The policy of social justice is not intended to countenance wrongdoing simply because it is committed by the underprivileged. At best, it may mitigate the penalty, but it certainly will not condone the offense. Compassion for the poor is an imperative of every humane society but only when the recipient is not a rascal claiming an undeserved privilege. Those who invoke social justice may do so only if their hands are clean and their motives blameless and not simply because they happen to be poor. This great policy of our Constitution is not meant for the protection of those who have proved they are not worthy of it, like the workers who have tainted the cause of labor with the blemishes of their own character.
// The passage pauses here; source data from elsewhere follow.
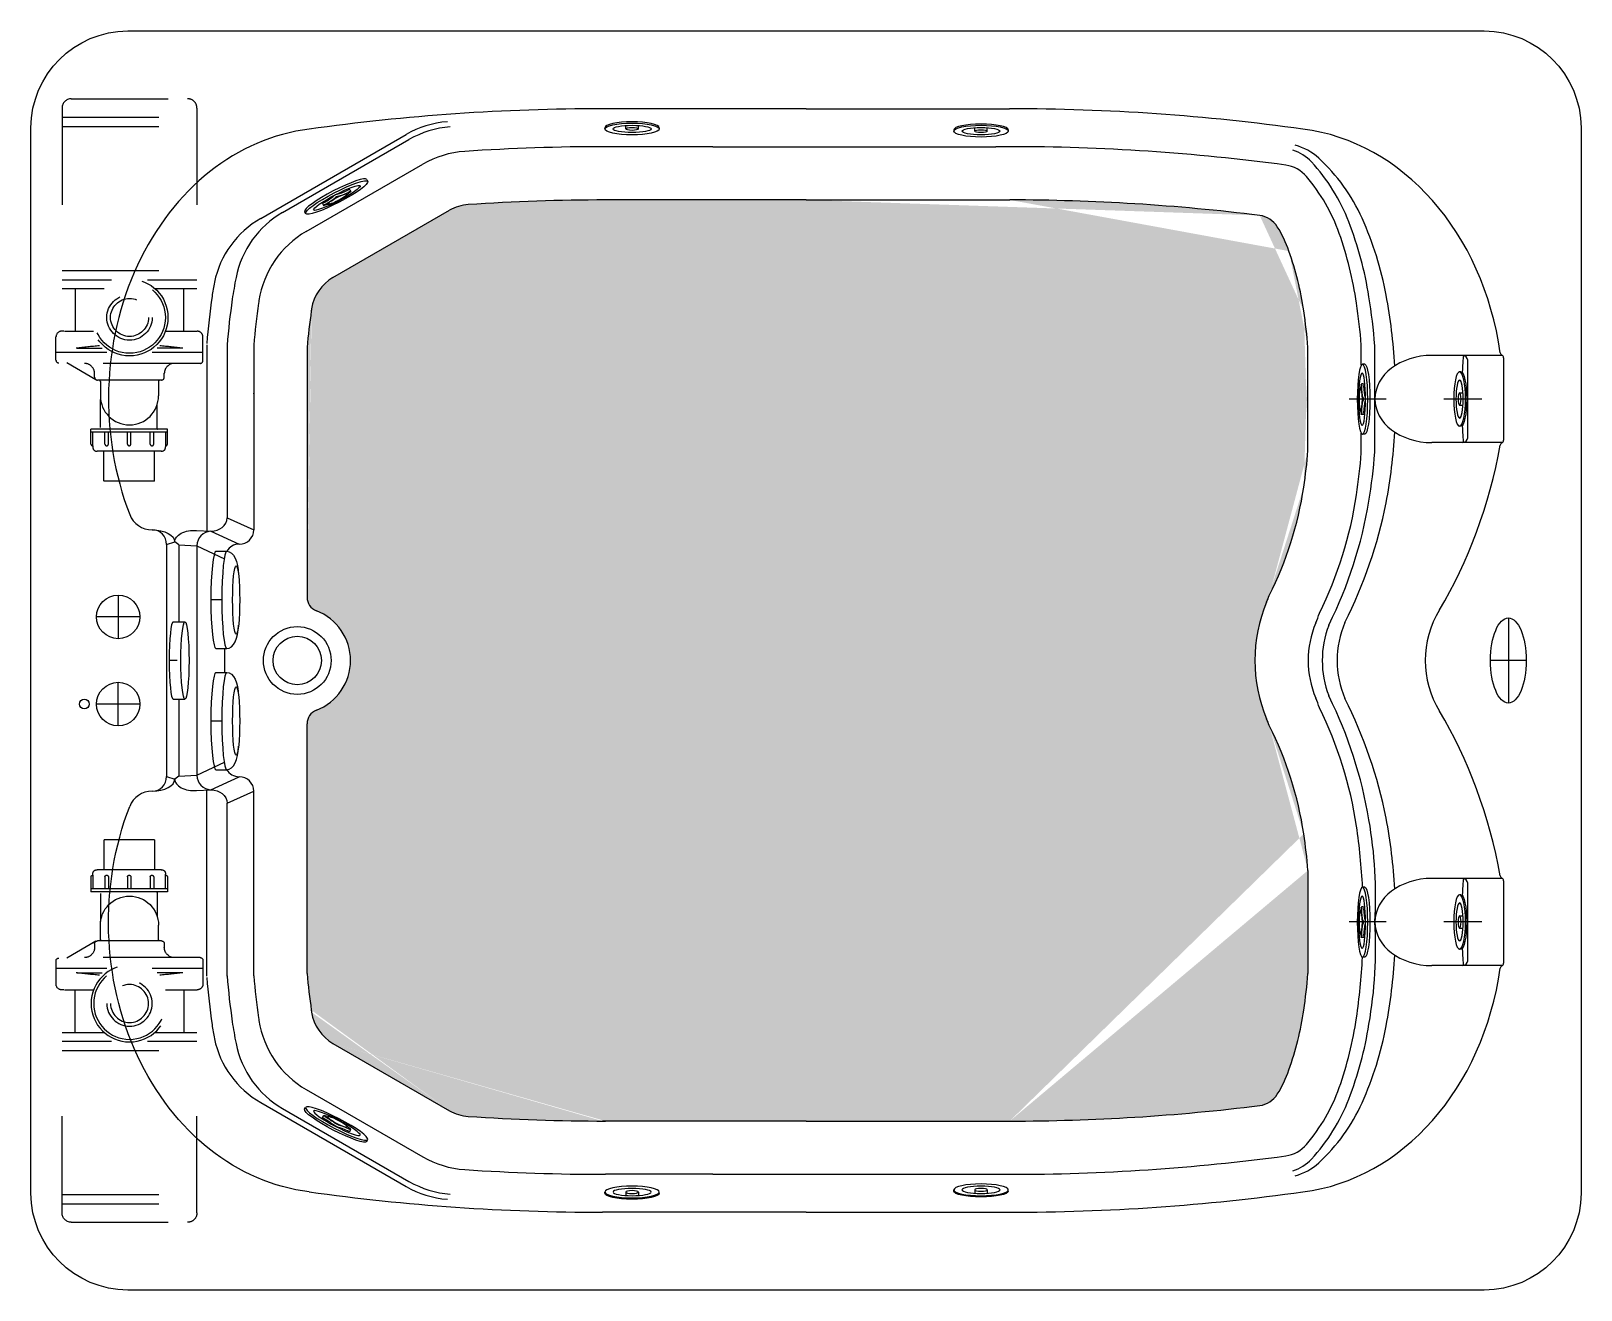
# Model space of a CAD drawing. Header units: millimetres. Extents: x -1247.76 to -1246.16, y 2220.91 to 2222.21.
import ezdxf

# ---------------------------------------------------------------- set-up
doc = ezdxf.new("R2010")
doc.units = ezdxf.units.MM
doc.header["$LTSCALE"] = 10
doc.linetypes.add('HIDDEN', pattern=[0.375, 0.25, -0.125])
for name, color, linetype in [('BOMBA-HJ', 7, 'Continuous'), ('BOMBA-J', 7, 'Continuous'), ('jacuzzi', 1, 'Continuous')]:
    doc.layers.add(name, color=color, linetype=linetype)

# ---------------------------------------------------------------- blocks, each defined once
blk = doc.blocks.new('A$C302A24D9')
at = {"layer": 'jacuzzi'}
for p, q in [((1.813081520074292, 1.016962719771442), (1.813081519896179, 1.60974528900266)), ((2.90092757130671, 1.016962720098306), (2.900927571128597, 1.609745289329439)), ((3.179943558251352e-06, 1.228810651610345), (3.180007212222336e-06, 1.016962719226668)), ((4.714005911310135, 1.228810653026756), (4.714005911373789, 1.01696272064288))]:
    blk.add_line(p, q, dxfattribs=at)
at = {"layer": 'jacuzzi', "extrusion": (0, 0, -1)}
for centre, major_axis, ratio, start_param, end_param in [((2.357004545626847, 1.22881065231855), (2.357001365683277, 7.082054243070566e-10), 0.4319527517569433, 3.141592653589793, 6.283185307179586), ((2.357004545690501, 1.016962719934874), (2.357001365683277, 7.082049009476195e-10), 0.4319527517569434, 3.141592653589793, 9.42477796076938), ((2.357004545690501, 1.016962719934874), (1.645716594742565, 4.944868923452073e-10), 0.3816444813108653, 3.141592653589793, 9.42477796076938), ((2.357004545690501, 1.016962719934874), (0.5439230256162491, 1.634307031310439e-10), 0.4618882339361122, 1.570796326794896, 7.853981633974482)]:
    blk.add_ellipse(centre, major_axis=major_axis, ratio=ratio, start_param=start_param, end_param=end_param, dxfattribs=at)
blk = doc.blocks.new('A$C6C307A44')
at = {"layer": 'BOMBA-HJ', "color": 1, "linetype": 'HIDDEN'}
for p, q in [((0.9537858486712594, 0.6203422870505619), (19.58714364363124, 0.6203422870505619)), ((23.99638594656069, 0.8166094950850038), (23.99638594656069, 0.6008850655590265))]:
    blk.add_line(p, q, dxfattribs=at)
for centre, radius, start in [((0.9537858486712594, 1.574127654288077), 0.9537853672375237, 180.0000000000001), ((24.59727072792022, 0.6008850655590265), 0.6008847813596399, 180)]:
    blk.add_arc(centre, radius, start, 270, dxfattribs=at)
at = {"layer": 'BOMBA-J', "color": 1, "linetype": 'HIDDEN'}
for p, q in [((0.9537858486712594, 14.54560864871848), (19.58714364363124, 14.54560864871834)), ((1.907571215908888, 0.6203422870505619), (1.907571215908888, 14.54560864871848)), ((2.861356583146403, 0.6203422870505619), (2.861356583146403, 14.54560864871848)), ((17.73054239602953, 0.6203422870505619), (17.73054239602953, 14.54560864871848)), ((18.68432776326716, 9.457455100059917), (18.68432776326716, 14.54560864871848)), ((19.58714364363124, 10.19669681453995), (19.58714364363124, 14.54560864871848)), ((19.58714364363124, 13.19130020850656), (19.58714364363124, 14.54560864871848)), ((23.99638594656045, 14.3535380963004), (23.99638594656045, 14.56926252582609)), ((23.99638594656045, 14.3535380963004), (23.99638594656045, 14.56926252582609)), ((26.27364388937679, 15.17014730718579), (24.59727072791998, 15.17014730718579)), ((26.27364388937679, 15.17014730718579), (24.59727072791998, 15.17014730718579)), ((26.98807269122095, 15.16995655011246), (26.13513115883715, 15.16995655011246)), ((26.21279651594728, 15.17014730718579), (26.21279651594728, 9.922358448200484)), ((27.32153601137702, 14.88373455937972), (27.32153601137702, 0.2864130320055267)), ((4.814338581127231e-07, 1.574127654288077), (4.814338581127231e-07, 13.59182328148083)), ((23.99638594656045, 13.19130020850658), (19.58714364363125, 13.19130020850656)), ((25.76519687639471, 12.99206406660286), (25.76519687639471, 10.43294488517833)), ((34.11170652386846, 11.50116045694028), (34.11170652386846, 3.610503041564584)), ((34.40885555354618, 11.50116045694028), (34.40885555354618, 3.610503041564698)), ((34.40885555354618, 11.32113555985507), (35.94879135807565, 11.32113555985504)), ((28.75692459394979, 11.18374288517654), (28.31633354288168, 11.18374288517654)), ((29.0431465846825, 10.8975208944438), (29.04314658468256, 4.272626696941586)), ((29.18854735597482, 10.59002306906666), (30.66678853077961, 10.59002306906638)), ((33.95545400981361, 10.44462229777417), (31.5902074496846, 10.44462229777417)), ((34.03990305445461, 10.45339662151957), (33.98918332979753, 10.45339662151957)), ((36.39885360078858, 10.87576727306327), (36.39885360078858, 4.245284137284102)), ((36.39885360078858, 10.87107331714196), (36.39885360078858, 4.240590181362677)), ((39.50085423343592, 10.17777517016322), (36.39885360078858, 10.17777517016322)), ((39.50085423343592, 10.17308121424185), (36.39885360078858, 10.17308121424185)), ((39.50085423343592, 10.17777517016316), (39.50085423343592, 5.356674627549125)), ((39.50085423343592, 10.17308121424185), (39.50085423343592, 4.983425258711861)), ((18.68432776326716, 0.6203422870505619), (18.68432776326716, 5.726333609756864)), ((19.58714364363124, 0.6203422870505619), (19.58714364363138, 4.987091895276677)), ((26.21279651594728, 5.261621018689596), (26.21279651594728, 0.00019104127275682)), ((39.50085423343592, 4.933888328341425), (36.39885360078858, 4.933888328341425)), ((39.50085423343592, 5.725230040465078), (39.50085423343592, 5.356674627549125)), ((39.50085423343592, 5.356674627549125), (39.50085423343592, 4.988119214633343)), ((19.58714364363124, 0.8238800844191303), (19.58714364363124, 4.396135766236597)), ((19.58714364363124, 0.6203422870505619), (19.58714364363135, 4.396135766236597)), ((19.58714364363124, 0.8238800844191303), (19.58714364363124, 4.396135766236597)), ((25.76519687639471, 2.191724643213917), (25.76519687639471, 4.750843824638451)), ((29.00480010904612, 4.129515701575201), (27.27429468195372, 1.132192379077367)), ((28.75692459394979, 3.986404706208816), (28.36357487230499, 3.986404706208901)), ((29.18854735597482, 4.580124522318584), (30.66678853077961, 4.580124522318869)), ((33.95545400981369, 4.603594725558992), (31.04162541517643, 4.603594725558992)), ((35.82706683155891, 3.790527938649916), (34.40885555354618, 3.790527938649632)), ((35.82706683155891, 3.795221894571114), (35.94879135807565, 3.795221894571114)), ((35.82706683155891, 3.790527938649632), (35.94879135807565, 3.790527938649632)), ((19.58714364363122, 1.995419510110992), (23.99638594656045, 1.99541951011085)), ((23.99638594656069, 0.8166094950850038), (23.99638594656069, 0.6008850655590265)), ((26.98807269122095, 0.00019104127275682), (24.58213105631231, 0.00019104127275682))]:
    blk.add_line(p, q, dxfattribs=at)
for points in [[(23.99638594656047, 11.30000133037549), (23.99638594656045, 13.68785132597053), (23.99638594656045, 14.35353809630026)], [(23.99638594656045, 13.19130020850658), (23.99638594656045, 13.68785132597053), (23.99638594656045, 14.35353809630026)], [(35.6470419344738, 11.50116045694028), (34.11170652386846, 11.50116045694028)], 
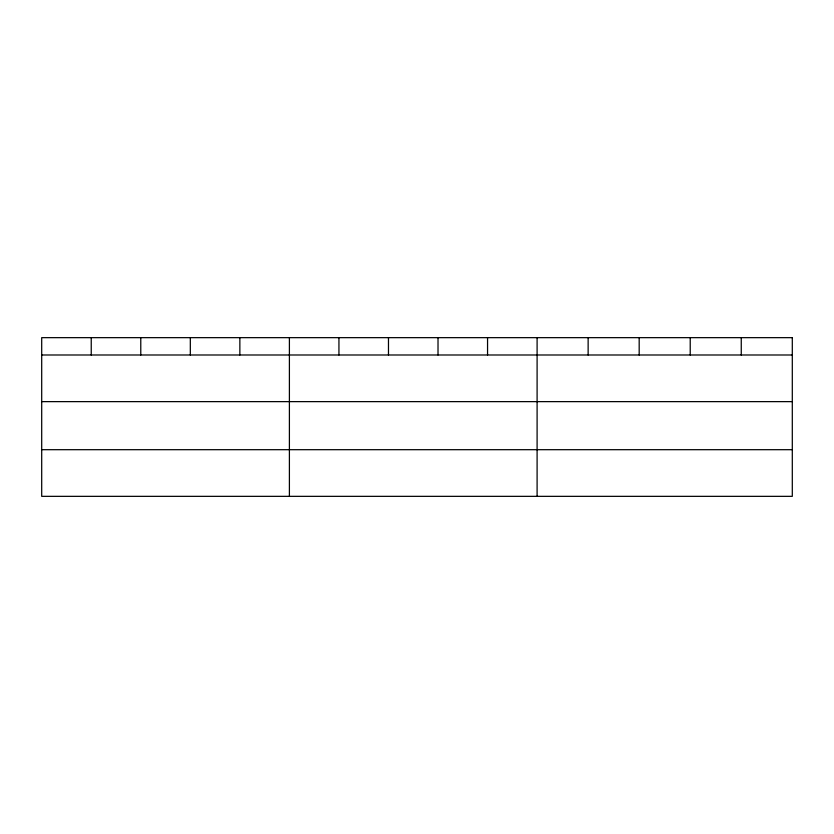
<?xml version="1.0" encoding="UTF-8"?>
<svg xmlns="http://www.w3.org/2000/svg" width="834" height="834" viewBox="0 0 834 834"><rect width="100%" height="100%" fill="white"/><g stroke="black" fill="none" stroke-linecap="round" stroke-linejoin="round"><path stroke-width="1.25" d="M41.7 354.992L792.3 354.992M41.7 401.634L792.3 401.634M41.7 449.693L792.3 449.693M741.259 337.655L741.259 354.992M690.218 337.655L690.218 354.992M639.178 337.655L639.178 354.992M588.137 337.655L588.137 354.992M537.096 337.655L537.096 496.345M487.556 337.655L487.556 354.992M438.017 337.655L438.017 354.992M388.477 337.655L388.477 354.992M338.938 337.655L338.938 354.992M289.398 337.655L289.398 496.345M239.858 337.655L239.858 354.992M190.319 337.655L190.319 354.992M140.779 337.655L140.779 354.992M91.24 337.655L91.24 354.992M792.3 337.655L41.7 337.655L41.7 496.345L792.3 496.345L792.3 337.655"/></g></svg>

That Cordero had been employed with HSTC for twenty-four (24) years does not serve to mitigate his offense nor should it be considered in meting out the appropriate penalty therefor. In fact, it may be reasonably argued that the infraction that he committed against HSTC, i.e., theft of invaluable company property, demonstrates the highest degree of ingratitude to an institution that has been the source of his livelihood for twenty-four (24) years, constitutive of disloyalty and betrayal of the trust and confidence reposed upon him. Indeed, HSTC’s full trust and confidence in him, coupled with the fact that he occupied a position that allowed him full access to HSTC’s property, aggravated the offense.

The fact that private respondent served petitioner for more than twenty years with no negative record prior to his dismissal, in our view of this case, does not call for such award of benefits, since his violation reflects a regrettable lack of loyalty and worse, betrayal of the company. If an employee’s length of service is to be regarded as a justification for moderating the penalty of dismissal, such gesture will actually become a prize for disloyalty, distorting the meaning of social justice and undermining the efforts of labor to cleanse its ranks of undesirables.